Y, a pesar de todo, cuando, a los ochenta años, teniendo él quince, la vieja enfermó y comenzó a decaer, Adam estuvo angustiado por ella. Cuando el Packard largo y negro del doctor Calabrese comenzó a parar, con creciente regularidad, ante la casa de pisos proletarios de la avenida de Larimer, el muchacho rezaba por ella. Cuando murió, una mañana, con una coqueta sonrisa en los labios, lloró, dándose cuenta por fin de la verdadera identidad del Arlequín. Ya no quiso hacer más el papel de bufón enamorado que era la muerte; en su lugar decidió que algún día tendría un coche largo y nuevo como el del doctor Calabrese, y combatiría al Arlequín con todas sus armas.
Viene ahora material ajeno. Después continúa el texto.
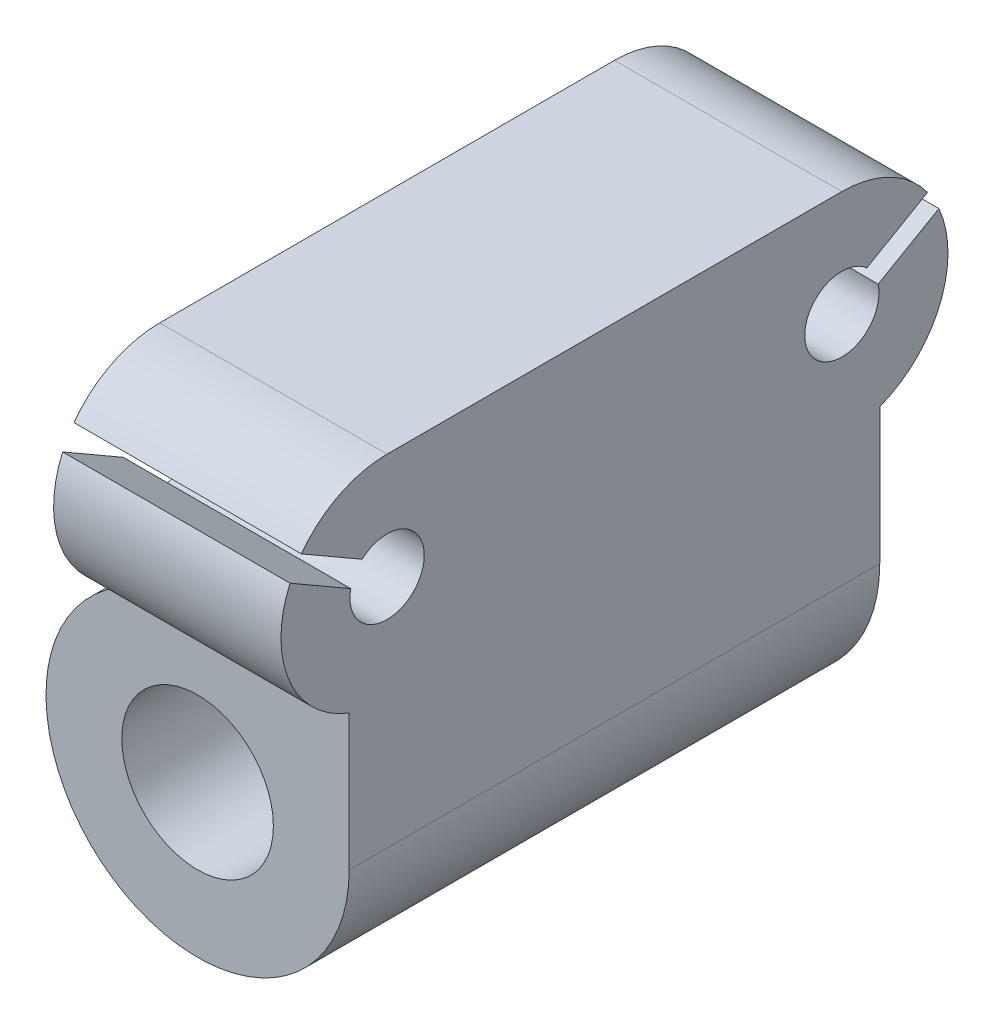
ISO-10303-21;
HEADER;
FILE_DESCRIPTION(('STEP AP214'),'2;1');
FILE_NAME('part.step','',(''),(''),'','','');
FILE_SCHEMA(('AUTOMOTIVE_DESIGN { 1 0 10303 214 1 1 1 1 }'));
ENDSEC;
DATA;
#1=APPLICATION_CONTEXT('core data for automotive mechanical design processes');
#2=APPLICATION_PROTOCOL_DEFINITION('international standard','automotive_design',2000,#1);
#3=PRODUCT_CONTEXT('',#1,'mechanical');
#4=PRODUCT('Part','Part','',(#3));
#5=PRODUCT_RELATED_PRODUCT_CATEGORY('part','',(#4));
#6=PRODUCT_DEFINITION_FORMATION('','',#4);
#7=PRODUCT_DEFINITION_CONTEXT('part definition',#1,'design');
#8=PRODUCT_DEFINITION('design','',#6,#7);
#9=PRODUCT_DEFINITION_SHAPE('','',#8);
#10=(LENGTH_UNIT() NAMED_UNIT(*) SI_UNIT(.MILLI.,.METRE.));
#11=(NAMED_UNIT(*) PLANE_ANGLE_UNIT() SI_UNIT($,.RADIAN.));
#12=(NAMED_UNIT(*) SI_UNIT($,.STERADIAN.) SOLID_ANGLE_UNIT());
#13=UNCERTAINTY_MEASURE_WITH_UNIT(LENGTH_MEASURE(1.E-05),#10,'distance_accuracy_value','');
#14=(GEOMETRIC_REPRESENTATION_CONTEXT(3) GLOBAL_UNCERTAINTY_ASSIGNED_CONTEXT((#13)) GLOBAL_UNIT_ASSIGNED_CONTEXT((#10,
#11,#12)) REPRESENTATION_CONTEXT('',''));
#15=CARTESIAN_POINT('',(0.,0.,0.));
#16=DIRECTION('',(0.,0.,1.));
#17=DIRECTION('',(1.,0.,0.));
#18=AXIS2_PLACEMENT_3D('',#15,#16,#17);
#19=CARTESIAN_POINT('',(10.,15.5,2.5));
#20=DIRECTION('',(-1.,0.,0.));
#21=DIRECTION('',(0.,-1.,0.));
#22=AXIS2_PLACEMENT_3D('',#19,#20,#21);
#23=CYLINDRICAL_SURFACE('',#22,7.);
#24=DIRECTION('',(-1.,0.,0.));
#25=VECTOR('',#24,1.);
#26=CARTESIAN_POINT('',(10.,19.6293717796071,-3.1522817256206));
#27=LINE('',#26,#25);
#28=CARTESIAN_POINT('',(-4.99999999999999,19.6293717796071,-3.1522817256206));
#29=VERTEX_POINT('',#28);
#30=CARTESIAN_POINT('',(10.,19.6293717796071,-3.1522817256206));
#31=VERTEX_POINT('',#30);
#32=EDGE_CURVE('E131',#29,#31,#27,.F.);
#33=ORIENTED_EDGE('',*,*,#32,.F.);
#34=CARTESIAN_POINT('',(-5.,15.5,2.5));
#35=DIRECTION('',(-1.,0.,0.));
#36=DIRECTION('',(0.,-1.,0.));
#37=AXIS2_PLACEMENT_3D('',#34,#35,#36);
#38=CIRCLE('',#37,7.);
#39=CARTESIAN_POINT('',(-4.99999999999999,22.5,2.5));
#40=VERTEX_POINT('',#39);
#41=EDGE_CURVE('E258',#40,#29,#38,.T.);
#42=ORIENTED_EDGE('',*,*,#41,.F.);
#43=DIRECTION('',(-1.,0.,0.));
#44=VECTOR('',#43,1.);
#45=CARTESIAN_POINT('',(10.,22.5,2.5));
#46=LINE('',#45,#44);
#47=CARTESIAN_POINT('',(10.,22.5,2.5));
#48=VERTEX_POINT('',#47);
#49=EDGE_CURVE('E153',#48,#40,#46,.T.);
#50=ORIENTED_EDGE('',*,*,#49,.F.);
#51=CARTESIAN_POINT('',(10.,15.5,2.5));
#52=DIRECTION('',(-1.,0.,0.));
#53=DIRECTION('',(0.,-1.,0.));
#54=AXIS2_PLACEMENT_3D('',#51,#52,#53);
#55=CIRCLE('',#54,7.);
#56=EDGE_CURVE('E146',#48,#31,#55,.T.);
#57=ORIENTED_EDGE('',*,*,#56,.T.);
#58=EDGE_LOOP('',(#33,#42,#50,#57));
#59=FACE_BOUND('',#58,.T.);
#60=ADVANCED_FACE('F32',(#59),#23,.T.);
#61=CARTESIAN_POINT('',(10.,15.5,32.5));
#62=DIRECTION('',(-1.,0.,0.));
#63=DIRECTION('',(0.,-1.,0.));
#64=AXIS2_PLACEMENT_3D('',#61,#62,#63);
#65=CYLINDRICAL_SURFACE('',#64,7.);
#66=DIRECTION('',(-1.,0.,0.));
#67=VECTOR('',#66,1.);
#68=CARTESIAN_POINT('',(10.,19.6293717796071,38.1522817256206));
#69=LINE('',#68,#67);
#70=CARTESIAN_POINT('',(10.,19.6293717796071,38.1522817256206));
#71=VERTEX_POINT('',#70);
#72=CARTESIAN_POINT('',(-4.99999999999999,19.6293717796071,38.1522817256206));
#73=VERTEX_POINT('',#72);
#74=EDGE_CURVE('E237',#71,#73,#69,.T.);
#75=ORIENTED_EDGE('',*,*,#74,.F.);
#76=CARTESIAN_POINT('',(10.,15.5,32.5));
#77=DIRECTION('',(-1.,0.,0.));
#78=DIRECTION('',(0.,-1.,0.));
#79=AXIS2_PLACEMENT_3D('',#76,#77,#78);
#80=CIRCLE('',#79,7.);
#81=CARTESIAN_POINT('',(10.,22.5,32.5));
#82=VERTEX_POINT('',#81);
#83=EDGE_CURVE('E154',#71,#82,#80,.T.);
#84=ORIENTED_EDGE('',*,*,#83,.T.);
#85=DIRECTION('',(-1.,0.,0.));
#86=VECTOR('',#85,1.);
#87=CARTESIAN_POINT('',(10.,22.5,32.5));
#88=LINE('',#87,#86);
#89=CARTESIAN_POINT('',(-4.99999999999999,22.5,32.5));
#90=VERTEX_POINT('',#89);
#91=EDGE_CURVE('E166',#82,#90,#88,.T.);
#92=ORIENTED_EDGE('',*,*,#91,.T.);
#93=CARTESIAN_POINT('',(-5.,15.5,32.5));
#94=DIRECTION('',(-1.,0.,0.));
#95=DIRECTION('',(0.,-1.,0.));
#96=AXIS2_PLACEMENT_3D('',#93,#94,#95);
#97=CIRCLE('',#96,7.);
#98=EDGE_CURVE('E240',#73,#90,#97,.T.);
#99=ORIENTED_EDGE('',*,*,#98,.F.);
#100=EDGE_LOOP('',(#75,#84,#92,#99));
#101=FACE_BOUND('',#100,.T.);
#102=ADVANCED_FACE('F189',(#101),#65,.T.);
#103=CARTESIAN_POINT('',(0.,0.,0.));
#104=DIRECTION('',(0.,0.,1.));
#105=DIRECTION('',(1.,0.,0.));
#106=AXIS2_PLACEMENT_3D('',#103,#104,#105);
#107=PLANE('',#106);
#108=CARTESIAN_POINT('',(0.,0.,0.));
#109=DIRECTION('',(0.,0.,1.));
#110=DIRECTION('',(1.,0.,0.));
#111=AXIS2_PLACEMENT_3D('',#108,#109,#110);
#112=CIRCLE('',#111,10.);
#113=CARTESIAN_POINT('',(-4.43720642686828,8.961651584689,0.));
#114=VERTEX_POINT('',#113);
#115=CARTESIAN_POINT('',(10.,0.,0.));
#116=VERTEX_POINT('',#115);
#117=EDGE_CURVE('E297',#114,#116,#112,.T.);
#118=ORIENTED_EDGE('',*,*,#117,.F.);
#119=DIRECTION('',(-1.,0.,0.));
#120=VECTOR('',#119,1.);
#121=CARTESIAN_POINT('',(10.,8.96165158468899,0.));
#122=LINE('',#121,#120);
#123=CARTESIAN_POINT('',(10.,8.96165158468899,0.));
#124=VERTEX_POINT('',#123);
#125=EDGE_CURVE('E320',#114,#124,#122,.F.);
#126=ORIENTED_EDGE('',*,*,#125,.T.);
#127=DIRECTION('',(0.,1.,0.));
#128=VECTOR('',#127,1.);
#129=CARTESIAN_POINT('',(10.,12.,0.));
#130=LINE('',#129,#128);
#131=EDGE_CURVE('E292',#116,#124,#130,.T.);
#132=ORIENTED_EDGE('',*,*,#131,.F.);
#133=EDGE_LOOP('',(#118,#126,#132));
#134=FACE_BOUND('',#133,.T.);
#135=CARTESIAN_POINT('',(0.,0.,0.));
#136=DIRECTION('',(0.,0.,1.));
#137=DIRECTION('',(1.,0.,0.));
#138=AXIS2_PLACEMENT_3D('',#135,#136,#137);
#139=CIRCLE('',#138,5.);
#140=CARTESIAN_POINT('',(5.,0.,0.));
#141=VERTEX_POINT('',#140);
#142=EDGE_CURVE('E301',#141,#141,#139,.T.);
#143=ORIENTED_EDGE('',*,*,#142,.T.);
#144=EDGE_LOOP('',(#143));
#145=FACE_BOUND('',#144,.T.);
#146=ADVANCED_FACE('F220',(#134,#145),#107,.F.);
#147=CARTESIAN_POINT('',(0.,0.,15.));
#148=DIRECTION('',(0.,0.,-1.));
#149=DIRECTION('',(-1.,0.,0.));
#150=AXIS2_PLACEMENT_3D('',#147,#148,#149);
#151=CYLINDRICAL_SURFACE('',#150,10.);
#152=DIRECTION('',(0.,0.,-1.));
#153=VECTOR('',#152,1.);
#154=CARTESIAN_POINT('',(-5.,8.66025403784439,15.));
#155=LINE('',#154,#153);
#156=CARTESIAN_POINT('',(-5.,8.66025403784439,33.9892532266797));
#157=VERTEX_POINT('',#156);
#158=CARTESIAN_POINT('',(-5.,8.66025403784439,1.0107467733203));
#159=VERTEX_POINT('',#158);
#160=EDGE_CURVE('E307',#157,#159,#155,.T.);
#161=ORIENTED_EDGE('',*,*,#160,.T.);
#162=CARTESIAN_POINT('',(0.,10.,6.83012701892219));
#163=CARTESIAN_POINT('',(-0.159285536581169,10.0000240749592,6.83010068400524));
#164=CARTESIAN_POINT('',(-0.318579521881655,9.99619505366448,6.8252919494851));
#165=CARTESIAN_POINT('',(-0.636265460919561,9.98099871756684,6.80591555210003));
#166=CARTESIAN_POINT('',(-0.794657083151019,9.96962879249385,6.79134451001245));
#167=CARTESIAN_POINT('',(-1.11055138359528,9.93941895499326,6.75211952397573));
#168=CARTESIAN_POINT('',(-1.26804120633403,9.92053001787747,6.72739937296773));
#169=CARTESIAN_POINT('',(-1.5799852396837,9.87565005217115,6.66750497286993));
#170=CARTESIAN_POINT('',(-1.73443973693079,9.84965969767994,6.63233171600945));
#171=CARTESIAN_POINT('',(-2.03965635319013,9.79101745243971,6.55093073860382));
#172=CARTESIAN_POINT('',(-2.19040562597617,9.7583452788368,6.50466928417913));
#173=CARTESIAN_POINT('',(-2.48643393890001,9.68714704419364,6.40060442061861));
#174=CARTESIAN_POINT('',(-2.63171366229081,9.64862171737385,6.34280245884055));
#175=CARTESIAN_POINT('',(-2.91502656183302,9.56683230180569,6.21527111150424));
#176=CARTESIAN_POINT('',(-3.05308006571003,9.52358269472148,6.1455778275153));
#177=CARTESIAN_POINT('',(-3.32085021420594,9.43355350165217,5.9937100514578));
#178=CARTESIAN_POINT('',(-3.45056957915447,9.38677507845176,5.91153966177479));
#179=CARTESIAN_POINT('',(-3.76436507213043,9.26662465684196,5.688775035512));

Adam se despidió de la vieja en el funeral más fastuoso que podía ofrecer la casa de seguros de la muerta, Los hijos de Italia, pero nunca se separó completamente de él. Años más tarde, cuado ya era todo un médico y todo un cirujano y había hecho y visto cosas con que ella jamás soñara en Petruro o incluso en Pittsburgh, su reacción instintiva ante la desgracia seguía siendo una búsqueda inconsciente e instantánea del Arlequín. Si tenía una mano en el bolsillo, involuntariamente los dedos se ponían en forma de cuerno. Su padre y su abuela habían dejado en él un conflicto interno interminable: tonterías, se burlaba el hombre de ciencia, mientras el muchachito estaba murmurando: scutta mal occhio, pu pu pu.